Everyone hates on Rumer Willis wondering why the hell she looks like something that could only grow up next to a power plant or something, you know someone who developed in the womb feeding off radiation and whatever remnants of drugs, alcohol in Demi’s mutated uterus, but the truth is she looks just like her wonky-faced mother, before the millions of dollars of plastic surgery and I guess that’s part of the reason why Ashton Kutcher fucks her, you know to get with an ugly, younger version of his wife while giving her the confidence she needs to not kill herself, because if Ashton fucks her, that probably means other guys will too and tons of girls would die to fuck Ashton since they find him hot, kind of thing, so in a lot of ways, his pity sex saved her fuckin’ life while fueling his perversions, even though she’d be much more successful as a lesbian because lesbians are less judgemental and like pussy for the person behind the pussy and that is why lesbians are for the most part fat, manly and disgusting.

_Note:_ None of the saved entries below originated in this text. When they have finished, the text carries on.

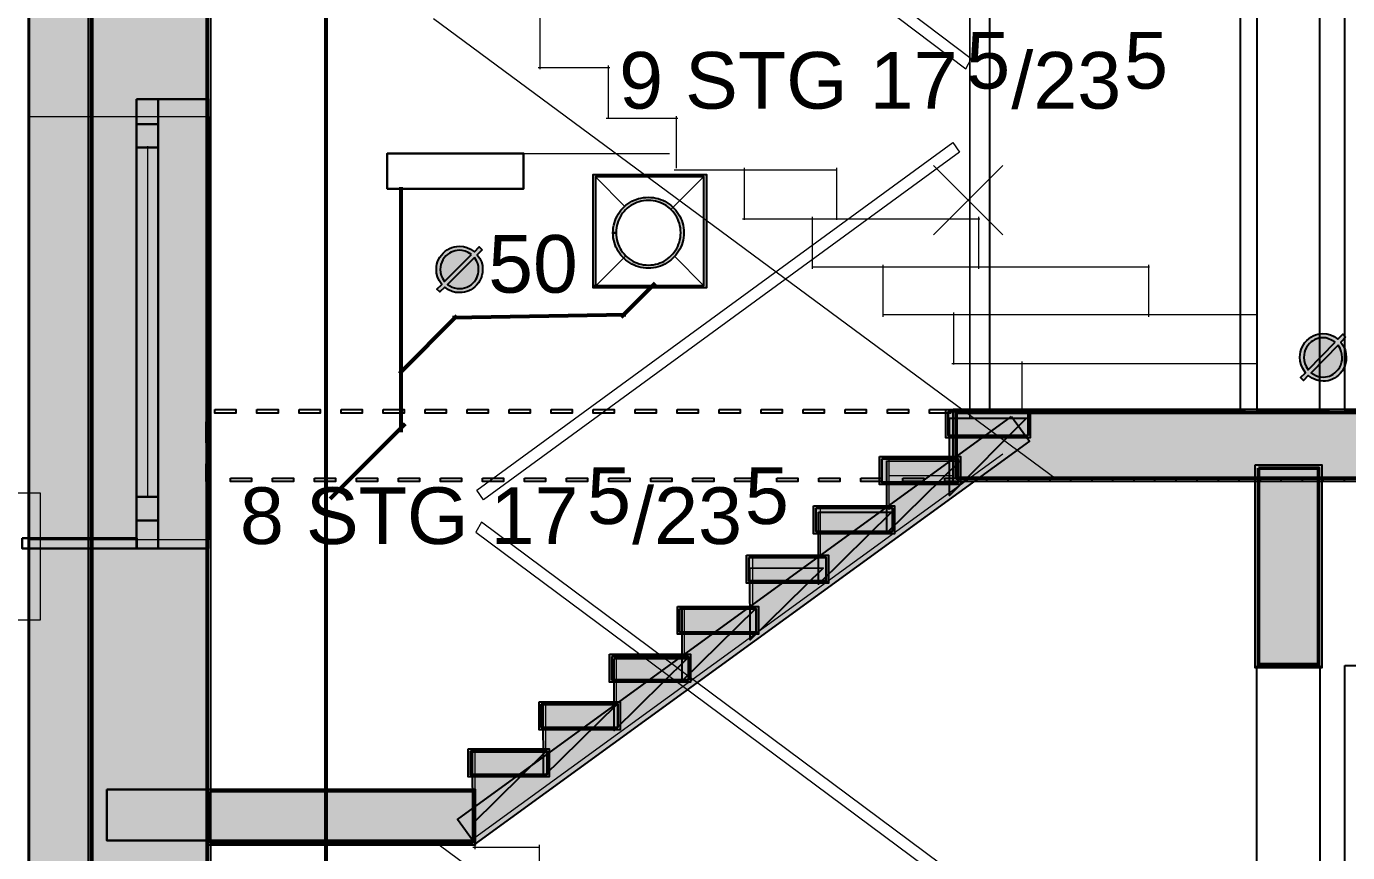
# Model space of a CAD drawing. Header units: millimetres. Extents: x 6 to 41668, y 1529 to 28527.
# Drawn here: x 18826 to 23484, y 13556 to 16468 of the extents above; entities that cross this region are included whole.
import ezdxf

# ---------------------------------------------------------------- set-up
doc = ezdxf.new("R2010")
doc.units = ezdxf.units.MM
doc.header["$LTSCALE"] = 50
doc.linetypes.add('PDF_112-9_84-7_0-0_0-0', pattern=[197.6, 112.9, -84.7, 0, 0])
for name, color, linetype in [('00_Wand_Bestand', 7, 'Continuous'), ('01_Daemmung_neu', 9, 'Continuous'), ('05_Linien_stark', 7, 'Continuous'), ('06_Linien_fein', 3, 'Continuous'), ('07_Bemassung', 6, 'Continuous'), ('10_Text', 7, 'Continuous')]:
    doc.layers.add(name, color=color, linetype=linetype)
doc.styles.add('PLAN', font='arial.ttf')

msp = doc.modelspace()

# ---------------------------------------------------------------- hatches: boundary and pattern name
at = {"layer": '00_Wand_Bestand'}
for points in [[(19044.8, 16687.1), (19474.7, 16687.1), (19474.7, 6059.4), (19044.8, 6059.4)], [(20827.9, 15550.6), (20823.4, 15550.6), (20823.4, 15946.2), (21223.5, 15946.2), (21223.5, 15546.2), (20823.4, 15546.2), (20823.4, 15550.6), (20827.9, 15550.6), (20827.9, 15555), (21214.6, 15555), (21214.6, 15937.4), (20832.3, 15937.4), (20832.3, 15550.6), (20827.9, 15550.6), (20827.9, 15555)], [(20904.8, 15740.6), (20893.8, 15740.6), (20894.1, 15749.6), (20895, 15758.3), (20896.5, 15766.9), (20898.6, 15775.2), (20901.2, 15783.4), (20904.4, 15791.2), (20908.1, 15798.8), (20912.3, 15806.1), (20916.9, 15813.1), (20922, 15819.7), (20927.5, 15826), (20933.4, 15831.9), (20939.6, 15837.4), (20946.3, 15842.5), (20953.3, 15847.1), (20960.5, 15851.3), (20968.1, 15855), (20976, 15858.1), (20984.1, 15860.8), (20992.5, 15862.9), (21001, 15864.4), (21009.8, 15865.3), (21018.7, 15865.6), (21027.6, 15865.3), (21036.4, 15864.4), (21045, 15862.9), (21053.3, 15860.8), (21061.4, 15858.1), (21069.3, 15855), (21076.9, 15851.3), (21084.2, 15847.1), (21091.2, 15842.5), (21097.8, 15837.4), (21104.1, 15831.9), (21110, 15826), (21115.5, 15819.7), (21120.6, 15813.1), (21125.2, 15806.1), (21129.4, 15798.8), (21133, 15791.2), (21136.2, 15783.4), (21138.8, 15775.2), (21140.9, 15766.9), (21142.5, 15758.3), (21143.4, 15749.6), (21143.7, 15740.6), (21143.4, 15731.7), (21142.5, 15722.9), (21140.9, 15714.4), (21138.8, 15706), (21136.2, 15697.9), (21133, 15690), (21129.4, 15682.4), (21125.2, 15675.1), (21120.6, 15668.1), (21115.5, 15661.5), (21110, 15655.2), (21104.1, 15649.3), (21097.8, 15643.8), (21091.2, 15638.7), (21084.2, 15634.1), (21076.9, 15629.9), (21069.3, 15626.3), (21061.4, 15623.1), (21053.3, 15620.5), (21045, 15618.4), (21036.4, 15616.8), (21027.6, 15615.9), (21018.7, 15615.6), (21009.8, 15615.9), (21001, 15616.8), (20992.5, 15618.4), (20984.1, 15620.5), (20976, 15623.1), (20968.1, 15626.3), (20960.5, 15629.9), (20953.3, 15634.1), (20946.3, 15638.7), (20939.6, 15643.8), (20933.4, 15649.3), (20927.5, 15655.2), (20922, 15661.5), (20916.9, 15668.1), (20912.3, 15675.1), (20908.1, 15682.4), (20904.4, 15690), (20901.2, 15697.9), (20898.6, 15706), (20896.5, 15714.4), (20895, 15722.9), (20894.1, 15731.7), (20893.8, 15740.6), (20904.8, 15740.6), (20905.1, 15732.1), (20906, 15723.8), (20907.5, 15715.6), (20909.6, 15707.7), (20912.3, 15700), (20915.4, 15692.6), (20919, 15685.4), (20923.2, 15678.6), (20927.7, 15672.1), (20932.8, 15665.9), (20938.2, 15660.1), (20944, 15654.7), (20950.2, 15649.6), (20956.7, 15645.1), (20963.5, 15640.9), (20970.7, 15637.3), (20978.1, 15634.1), (20985.8, 15631.5), (20993.7, 15629.4), (21001.9, 15627.9), (21010.2, 15627), (21018.7, 15626.6), (21027.2, 15627), (21035.6, 15627.9), (21043.7, 15629.4), (21051.6, 15631.5), (21059.3, 15634.1), (21066.8, 15637.3), (21073.9, 15640.9), (21080.8, 15645.1), (21087.3, 15649.6), (21093.5, 15654.7), (21099.3, 15660.1), (21104.7, 15665.9), (21109.7, 15672.1), (21114.3, 15678.6), (21118.4, 15685.4), (21122.1, 15692.6), (21125.2, 15700), (21127.8, 15707.7), (21129.9, 15715.6), (21131.4, 15723.8), (21132.4, 15732.1), (21132.7, 15740.6), (21132.4, 15749.1), (21131.4, 15757.5), (21129.9, 15765.6), (21127.8, 15773.5), (21125.2, 15781.2), (21122.1, 15788.6), (21118.4, 15795.8), (21114.3, 15802.6), (21109.7, 15809.2), (21104.7, 15815.3), (21099.3, 15821.1), (21093.5, 15826.6), (21087.3, 15831.6), (21080.8, 15836.2), (21073.9, 15840.3), (21066.8, 15843.9), (21059.3, 15847.1), (21051.6, 15849.7), (21043.7, 15851.8), (21035.6, 15853.3), (21027.2, 15854.2), (21018.7, 15854.6), (21010.2, 15854.2), (21001.9, 15853.3), (20993.7, 15851.8), (20985.8, 15849.7), (20978.1, 15847.1), (20970.7, 15843.9), (20963.5, 15840.3), (20956.7, 15836.2), (20950.2, 15831.6), (20944, 15826.6), (20938.2, 15821.1), (20932.8, 15815.3), (20927.7, 15809.2), (20923.2, 15802.6), (20919, 15795.8), (20915.4, 15788.6), (20912.3, 15781.2), (20909.6, 15773.5), (20907.5, 15765.6), (20906, 15757.5), (20905.1, 15749.1)], [(20432, 15680.1), (20415.1, 15663), (20424.2, 15649.7), (20430.1, 15637.5), (20433.2, 15624.7), (20434.3, 15609.8), (20433.7, 15599.9), (20431.9, 15590.4), (20428.9, 15581.3), (20424.8, 15572.5), (20419.4, 15564.1), (20412.9, 15556.1), (20406.7, 15549.9), (20400.1, 15544.4), (20393.1, 15539.9), (20385.8, 15536.1), (20378.1, 15533.2), (20370, 15531.2), (20361.5, 15529.9), (20352.7, 15529.5), (20338.8, 15530.5), (20326.6, 15533.6), (20314.4, 15539.4), (20300.5, 15548.6), (20283.5, 15532), (20273.2, 15542), (20290.3, 15558.7), (20281.1, 15572.8), (20275.3, 15585.2), (20272.1, 15597.7), (20271.1, 15611.8), (20271.6, 15621), (20273.1, 15629.8), (20275.5, 15638.4), (20278.9, 15646.5), (20283.4, 15654.3), (20288.8, 15661.7), (20295.1, 15668.7), (20302.2, 15675.1), (20309.6, 15680.5), (20317.4, 15684.9), (20325.5, 15688.4), (20334, 15690.8), (20342.9, 15692.3), (20352.1, 15692.8), (20366.3, 15691.7), (20378.9, 15688.5), (20391.3, 15682.6), (20405.1, 15673.5), (20421.7, 15690.3)], [(20395, 15663.4), (20382.6, 15670.7), (20372.3, 15675.3), (20362.6, 15677.8), (20352.1, 15678.6), (20344.4, 15678.2), (20337.1, 15677), (20330, 15674.9), (20323.3, 15672.1), (20316.8, 15668.4), (20310.7, 15664), (20304.9, 15658.7), (20298.8, 15651.8), (20293.8, 15644.6), (20290, 15636.9), (20287.2, 15628.7), (20285.6, 15620.2), (20285, 15611.2), (20285.8, 15600), (20288.3, 15590.1), (20293, 15580), (20300.2, 15568.5)], [(20405.3, 15653.4), (20310.2, 15558.4), (20318.6, 15553.1), (20327, 15549), (20335.5, 15546), (20344.1, 15544.3), (20352.8, 15543.7), (20361.8, 15544.2), (20370.3, 15545.9), (20378.4, 15548.6), (20386.1, 15552.4), (20393.4, 15557.4), (20400.2, 15563.4), (20405.5, 15569.2), (20409.9, 15575.3), (20413.6, 15581.7), (20416.4, 15588.4), (20418.4, 15595.4), (20419.6, 15602.7), (20420, 15610.4), (20419.2, 15621.7), (20416.8, 15631.8), (20412.3, 15641.9)], [(23476.9, 15372.2), (23460, 15354.7), (23469.1, 15341), (23475, 15328.4), (23478.1, 15315.2), (23479.2, 15300), (23478.6, 15289.8), (23476.8, 15280.1), (23473.8, 15270.7), (23469.7, 15261.6), (23464.3, 15253), (23457.8, 15244.8), (23451.6, 15238.4), (23445, 15232.8), (23438, 15228.1), (23430.6, 15224.3), (23422.9, 15221.3), (23414.8, 15219.1), (23406.3, 15217.8), (23397.5, 15217.4), (23383.6, 15218.5), (23371.4, 15221.7), (23359.2, 15227.6), (23345.2, 15237.1), (23328.2, 15220), (23317.9, 15230.3), (23335, 15247.4), (23325.9, 15261.9), (23320, 15274.7), (23316.9, 15287.5), (23315.8, 15301.9), (23316.3, 15311.4), (23317.8, 15320.5), (23320.2, 15329.3), (23323.7, 15337.7), (23328.1, 15345.6), (23333.5, 15353.3), (23339.9, 15360.5), (23346.9, 15367.1), (23354.4, 15372.6), (23362.2, 15377.2), (23370.3, 15380.7), (23378.8, 15383.2), (23387.7, 15384.7), (23396.9, 15385.2), (23411.2, 15384.1), (23423.8, 15380.9), (23436.2, 15374.8), (23449.9, 15365.4), (23466.6, 15382.7)], [(23439.8, 15355.1), (23427.5, 15362.5), (23417.1, 15367.2), (23407.4, 15369.8), (23396.9, 15370.7), (23389.2, 15370.3), (23381.9, 15369), (23374.8, 15366.9), (23368, 15364), (23361.6, 15360.2), (23355.4, 15355.6), (23349.6, 15350.2), (23343.6, 15343.1), (23338.6, 15335.7), (23334.7, 15327.8), (23332, 15319.4), (23330.3, 15310.6), (23329.8, 15301.4), (23330.6, 15289.9), (23333.1, 15279.7), (23337.7, 15269.3), (23344.9, 15257.5)], [(23450.2, 15344.7), (23355, 15247.2), (23363.4, 15241.7), (23371.8, 15237.4), (23380.3, 15234.4), (23389, 15232.6), (23397.6, 15232), (23405.4, 15232.4), (23412.8, 15233.6), (23419.9, 15235.7), (23426.6, 15238.6), (23433.1, 15242.3), (23439.3, 15246.9), (23445.1, 15252.2), (23451.1, 15259.2), (23456.1, 15266.6), (23460, 15274.4), (23462.7, 15282.7), (23464.4, 15291.4), (23464.9, 15300.5), (23464.1, 15312.2), (23461.7, 15322.6), (23457.2, 15333)], [(22299.2, 15092.5), (22361.9, 15006.2), (20407.9, 13586.6), (20345.3, 13672.9)], [(22067.1, 15118.1), (22365.2, 15118.1), (22365.2, 15018.1), (22067.1, 15018.1)], [(22067.1, 15118.1), (22365.2, 15118.1), (22365.2, 15018.1), (22067.1, 15018.1)], [(22092.7, 15118.3), (29872.9, 15118.3), (29872.9, 14864.5), (22092.7, 14864.5)], [(22080.3, 15087.1), (22352.2, 15086.7), (22080.6, 14815.1)], [(22080.3, 15087.1), (22352.2, 15086.7), (22080.6, 14815.1)], [(21833.5, 14951.7), (22119.1, 14951.7), (22119.1, 14853.4), (21833.5, 14853.4)], [(21859.2, 14936.5), (22116.9, 14935.9), (21859.8, 14683.1)], [(23158, 14922.6), (23392.7, 14922.6), (23392.7, 14207.8), (23158, 14207.8)], [(21601.2, 14778.2), (21886.8, 14778.2), (21886.8, 14679.9), (21601.2, 14679.9)], [(21618.3, 14756.1), (21875.9, 14755.5), (21618.9, 14502.7)], [(21364.8, 14603.9), (21653.8, 14603.9), (21653.8, 14505.6), (21364.8, 14505.6)], [(21376.6, 14559.7), (21634.3, 14559.1), (21377.2, 14306.3)], [(21120.8, 14423.7), (21406.4, 14423.7), (21406.4, 14325.4), (21120.8, 14325.4)], [(21137.6, 14415.1), (21395.3, 14414.5), (21138.2, 14161.7)], [(20881.8, 14255.1), (21167.4, 14255.1), (21167.4, 14156.8), (20881.8, 14156.8)], [(20897.9, 14240.3), (21155.6, 14239.8), (20898.5, 13987)], [(20633, 14087.8), (20918.6, 14087.8), (20918.6, 13989.4), (20633, 13989.4)], [(20647.9, 14077.6), (20905.6, 14077), (20648.6, 13824.2)], [(20383.5, 13921.8), (20669.1, 13921.8), (20669.1, 13823.5), (20383.5, 13823.5)], [(20398.5, 13911.7), (20656.2, 13911.1), (20399.1, 13658.3)], [(19463.8, 13779.6), (20407.6, 13779.6), (20407.6, 13582.9), (19463.8, 13582.9)]]:
    msp.add_hatch(color=7, dxfattribs=at).paths.add_polyline_path(points)
at = {"layer": '01_Daemmung_neu'}
msp.add_hatch(color=7, dxfattribs=at).paths.add_polyline_path([(18832.9, 16703.3), (19055.3, 16703.3), (19055.3, 8602), (18832.9, 8602)])

# ---------------------------------------------------------------- linework, layer by layer
at = {"layer": '00_Wand_Bestand'}
for points in [[(19044.8, 16687.1), (19474.7, 16687.1), (19474.7, 6059.4), (19044.8, 6059.4)], [(20827.9, 15550.6), (20823.4, 15550.6), (20823.4, 15946.2), (21223.5, 15946.2), (21223.5, 15546.2), (20823.4, 15546.2), (20823.4, 15550.6), (20827.9, 15550.6), (20827.9, 15555), (21214.6, 15555), (21214.6, 15937.4), (20832.3, 15937.4), (20832.3, 15550.6), (20827.9, 15550.6), (20827.9, 15555)], [(20904.8, 15740.6), (20893.8, 15740.6), (20894.1, 15749.6), (20895, 15758.3), (20896.5, 15766.9), (20898.6, 15775.2), (20901.2, 15783.4), (20904.4, 15791.2), (20908.1, 15798.8), (20912.3, 15806.1), (20916.9, 15813.1), (20922, 15819.7), (20927.5, 15826), (20933.4, 15831.9), (20939.6, 15837.4), (20946.3, 15842.5), (20953.3, 15847.1), (20960.5, 15851.3), (20968.1, 15855), (20976, 15858.1), (20984.1, 15860.8), (20992.5, 15862.9), (21001, 15864.4), (21009.8, 15865.3), (21018.7, 15865.6), (21027.6, 15865.3), (21036.4, 15864.4), (21045, 15862.9), (21053.3, 15860.8), (21061.4, 15858.1), (21069.3, 15855), (21076.9, 15851.3), (21084.2, 15847.1), (21091.2, 15842.5), (21097.8, 15837.4), (21104.1, 15831.9), (21110, 15826), (21115.5, 15819.7), (21120.6, 15813.1), (21125.2, 15806.1), (21129.4, 15798.8), (21133, 15791.2), (21136.2, 15783.4), (21138.8, 15775.2), (21140.9, 15766.9), (21142.5, 15758.3), (21143.4, 15749.6), (21143.7, 15740.6), (21143.4, 15731.7), (21142.5, 15722.9), (21140.9, 15714.4), (21138.8, 15706), (21136.2, 15697.9), (21133, 15690), (21129.4, 15682.4), (21125.2, 15675.1), (21120.6, 15668.1), (21115.5, 15661.5), (21110, 15655.2), (21104.1, 15649.3), (21097.8, 15643.8), (21091.2, 15638.7), (21084.2, 15634.1), (21076.9, 15629.9), (21069.3, 15626.3), (21061.4, 15623.1), (21053.3, 15620.5), (21045, 15618.4), (21036.4, 15616.8), (21027.6, 15615.9), (21018.7, 15615.6), (21009.8, 15615.9), (21001, 15616.8), (20992.5, 15618.4), (20984.1, 15620.5), (20976, 15623.1), (20968.1, 15626.3), (20960.5, 15629.9), (20953.3, 15634.1), (20946.3, 15638.7), (20939.6, 15643.8), (20933.4, 15649.3), (20927.5, 15655.2), (20922, 15661.5), (20916.9, 15668.1), (20912.3, 15675.1), (20908.1, 15682.4), (20904.4, 15690), (20901.2, 15697.9), (20898.6, 15706), (20896.5, 15714.4), (20895, 15722.9), (20894.1, 15731.7), (20893.8, 15740.6), (20904.8, 15740.6), (20905.1, 15732.1), (20906, 15723.8), (20907.5, 15715.6), (20909.6, 15707.7), (20912.3, 15700), (20915.4, 15692.6), (20919, 15685.4), (20923.2, 15678.6), (20927.7, 15672.1), (20932.8, 15665.9), (20938.2, 15660.1), (20944, 15654.7), (20950.2, 15649.6), (20956.7, 15645.1), (20963.5, 15640.9), (20970.7, 15637.3), (20978.1, 15634.1), (20985.8, 15631.5), (20993.7, 15629.4), (21001.9, 15627.9), (21010.2, 15627), (21018.7, 15626.6), (21027.2, 15627), (21035.6, 15627.9), (21043.7, 15629.4), (21051.6, 15631.5), (21059.3, 15634.1), (21066.8, 15637.3), (21073.9, 15640.9), (21080.8, 15645.1), (21087.3, 15649.6), (21093.5, 15654.7), (21099.3, 15660.1), (21104.7, 15665.9), (21109.7, 15672.1), (21114.3, 15678.6), (21118.4, 15685.4), (21122.1, 15692.6), (21125.2, 15700), (21127.8, 15707.7), (21129.9, 15715.6), (21131.4, 15723.8), (21132.4, 15732.1), (21132.7, 15740.6), (21132.4, 15749.1), (21131.4, 15757.5), (21129.9, 15765.6), (21127.8, 15773.5), (21125.2, 15781.2), (21122.1, 15788.6), (21118.4, 15795.8), (21114.3, 15802.6), (21109.7, 15809.2), (21104.7, 15815.3), (21099.3, 15821.1), (21093.5, 15826.6), (21087.3, 15831.6), (21080.8, 15836.2), (21073.9, 15840.3), (21066.8, 15843.9), (21059.3, 15847.1), (21051.6, 15849.7), (21043.7, 15851.8), (21035.6, 15853.3), (21027.2, 15854.2), (21018.7, 15854.6), (21010.2, 15854.2), (21001.9, 15853.3), (20993.7, 15851.8), (20985.8, 15849.7), (20978.1, 15847.1), (20970.7, 15843.9), (20963.5, 15840.3), (20956.7, 15836.2), (20950.2, 15831.6), (20944, 15826.6), (20938.2, 15821.1), (20932.8, 15815.3), (20927.7, 15809.2), (20923.2, 15802.6), (20919, 15795.8), (20915.4, 15788.6), (20912.3, 15781.2), (20909.6, 15773.5), (20907.5, 15765.6), (20906, 15757.5), (20905.1, 15749.1)], [(20432, 15680.1), (20415.1, 15663), (20424.2, 15649.7), (20430.1, 15637.5), (20433.2, 15624.7), (20434.3, 15609.8), (20433.7, 15599.9), (20431.9, 15590.4), (20428.9, 15581.3), (20424.8, 15572.5), (20419.4, 15564.1), (20412.9, 15556.1), (20406.7, 15549.9), (20400.1, 15544.4), (20393.1, 15539.9), (20385.8, 15536.1), (20378.1, 15533.2), (20370, 15531.2), (20361.5, 15529.9), (20352.7, 15529.5), (20338.8, 15530.5), (20326.6, 15533.6), (20314.4, 15539.4), (20300.5, 15548.6), (20283.5, 15532), (20273.2, 15542), (20290.3, 15558.7), (20281.1, 15572.8), (20275.3, 15585.2), (20272.1, 15597.7), (20271.1, 15611.8), (20271.6, 15621), (20273.1, 15629.8), (20275.5, 15638.4), (20278.9, 15646.5), (20283.4, 15654.3), (20288.8, 15661.7), (20295.1, 15668.7), (20302.2, 15675.1), (20309.6, 15680.5), (20317.4, 15684.9), (20325.5, 15688.4), (20334, 15690.8), (20342.9, 15692.3), (20352.1, 15692.8), (20366.3, 15691.7), (20378.9, 15688.5), (20391.3, 15682.6), (20405.1, 15673.5), (20421.7, 15690.3)], [(20395, 15663.4), (20382.6, 15670.7), (20372.3, 15675.3), (20362.6, 15677.8), (20352.1, 15678.6), (20344.4, 15678.2), (20337.1, 15677), (20330, 15674.9), (20323.3, 15672.1), (20316.8, 15668.4), (20310.7, 15664), (20304.9, 15658.7), (20298.8, 15651.8), (20293.8, 15644.6), (20290, 15636.9), (20287.2, 15628.7), (20285.6, 15620.2), (20285, 15611.2), (20285.8, 15600), (20288.3, 15590.1), (20293, 15580), (20300.2, 15568.5)], [(20405.3, 15653.4), (20310.2, 15558.4), (20318.6, 15553.1), (20327, 15549), (20335.5, 15546), (20344.1, 15544.3), (20352.8, 15543.7), (20361.8, 15544.2), (20370.3, 15545.9), (20378.4, 15548.6), (20386.1, 15552.4), (20393.4, 15557.4), (20400.2, 15563.4), (20405.5, 15569.2), (20409.9, 15575.3), (20413.6, 15581.7), (20416.4, 15588.4), (20418.4, 15595.4), (20419.6, 15602.7), (20420, 15610.4), (20419.2, 15621.7), (20416.8, 15631.8), (20412.3, 15641.9)], [(23476.9, 15372.2), (23460, 15354.7), (23469.1, 15341), (23475, 15328.4), (23478.1, 15315.2), (23479.2, 15300), (23478.6, 15289.8), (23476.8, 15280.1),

Either way, here’s Rumer Willis pumping gas in what looks like a shirt without a bra because I guess she’s finally come to terms with the inevitable, and that’s to dyke the fuck out.
Marilyn Manson’s exgirlfriend or current girlfriend or whatever the fuck she is did a photoshoot for GQ and not unlike vampire freaks before her, selling her soul to the devil, hiding from the sun, keepin’ skinny on a blood diet, talking about intense shit amongst each other like planning school shootings and hating the government and “normal” people, hasn’t made her any hotter even if sex with her would be on some next level serial killer level of intensity, her 6 inch blade tampon remains a turn off.
I don’t know what I am talking about, but I am sure it’s something.
Elle Macpherson is one of the first supermodels I can remember jerking off to in the 80s, like really diggin and jerkin’ off to because I am sure there were many before her, but they remain nameless and she’s the one that stands out in my tattered brain.
Here she is on vacation with her kids and based on the waterskiing, it looks like she’s holding onto the past, because last time I checked, no one fucking waterskis anymore, it’s a thing of the past, dated like neon sun protecting cream, an ancient art and passtime, which is appropriate, because so is Elle Macpherson’s vagina. Ohhhhhhhhhhhhhh…..good one.